Magnetic resonance imaging (MRI) has had multiple decades of medical diagnostic success, due to its remarkable and widely variable soft-tissue contrast, as well as a wide range of functional and quantitative tissue properties, such as kinetic exchange parameters,1 oxygen metabolism,2 temperature,3 pH,4 elastic modulus,5 and more. In the midst of these successes, due to the inherent complexity of spatial localization in MRI, all MRI is subject to some degree of geometric distortion. In the typical diagnostic scenario, a limited degree of geometric distortion is not an impediment to a successful radiological assessment. However, in a number of specialized and emerging applications, such as stereotactic surgery,6 radiotherapy guidance and planning,7 and most recently emerging positron emission tomography (PET)-MR hybrids,8 geometric inaccuracy is in general much less tolerable. The PET-MR hybrid, for example, will depend heavily on accurate fusion between anatomic images and the measured activity of PET tracers. As such, any geometric mispositioning of the anatomic features in the MR image will compromise the diagnostic potential of the hybrid device.

Traditional MR reconstruction relies on two primary assumptions: the homogeneity of the primary magnetic field (B0) over the field of view (FOV), and the linearity of the magnetic gradient fields imposed on the FOV during the slice-selection and spatial encoding components of the pulse sequence used to acquire data.

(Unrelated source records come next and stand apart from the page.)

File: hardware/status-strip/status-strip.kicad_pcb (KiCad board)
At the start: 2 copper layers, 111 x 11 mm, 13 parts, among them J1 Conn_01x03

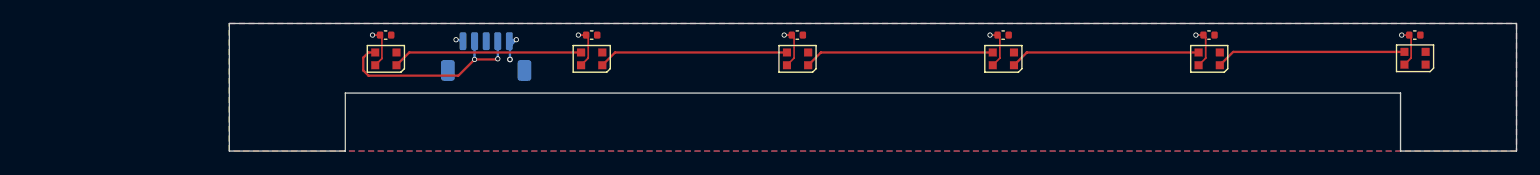
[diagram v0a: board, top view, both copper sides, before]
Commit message: feat(status-strip): add system-level status led
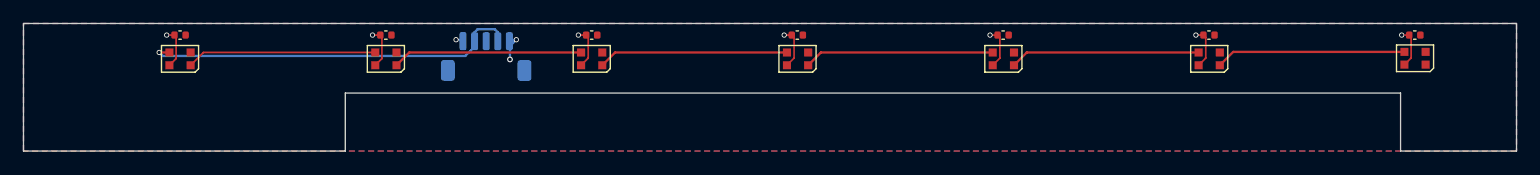
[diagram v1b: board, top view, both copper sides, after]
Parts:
- added C2: 100nF, Local Library:C_0402_1005Metric, F.Cu at (43.5, 25.0)
- added D2: WS2812C-2020-V6, Local Library:LED_WS2812B-2020_PLCC4_2.0x2.0mm, F.Cu at (43.5, 27.1)
- J1: value Conn_01x03 -> STATUS_LED
- moved D1 17.8 mm to (25.8, 27.1)
- moved C1 17.7 mm to (25.8, 25.0)
- renumbered C31 to C1, C32 to C3, C33 to C4, C34 to C5, C35 to C6, C36 to C7, D4 to D1, D5 to D3, D6 to D4, D7 to D5, D8 to D6, D9 to D7
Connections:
- D1 pad 1: Net-(D4-DOUT) (its old number) -> Net-(D1-DOUT)
- D3 pad 3: Net-(D4-DOUT) (its old number) -> Net-(D2-DOUT)
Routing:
- net Net-(D4-DOUT) (its old number): track 16.4 -> 0.00 mm
- net Net-(D2-DOUT): track 0.00 -> 16.4 mm
- net Net-(D1-DOUT): track 0.00 -> 16.4 mm
- net /LED_DATA: track 17.6 -> 32.8 mm, vias 2 -> 1
- net +5V: track 21.4 -> 25.0 mm, vias 6 -> 7
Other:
- board size 111 x 11 mm -> 128.8 x 11 mm

Any deviation from either of these ideal assumptions will result in some degree of geometric signal misplacement. The linearity of the gradient fields is dependent on the design and construction of their generating coils, which are carefully optimized to maximize linearity while minimizing such parameters as power loss, stored energy, and torque.9 Any remaining nonlinearity cannot be remedied during the scan, and therefore its image-distorting effects must be tolerated or subjected to some sort of postprocessing to attempt retrospective removal. The B0 field, unlike the fields produced by the gradients, is expected to be static and unchanging over time. This opens up opportunities to amend any defects in field distribution that would be unachievable or impractical in the rapid and varying dynamic of applied gradient fields. The process of amending the inhomogeneous field to create a more uniform B0 is known as shimming.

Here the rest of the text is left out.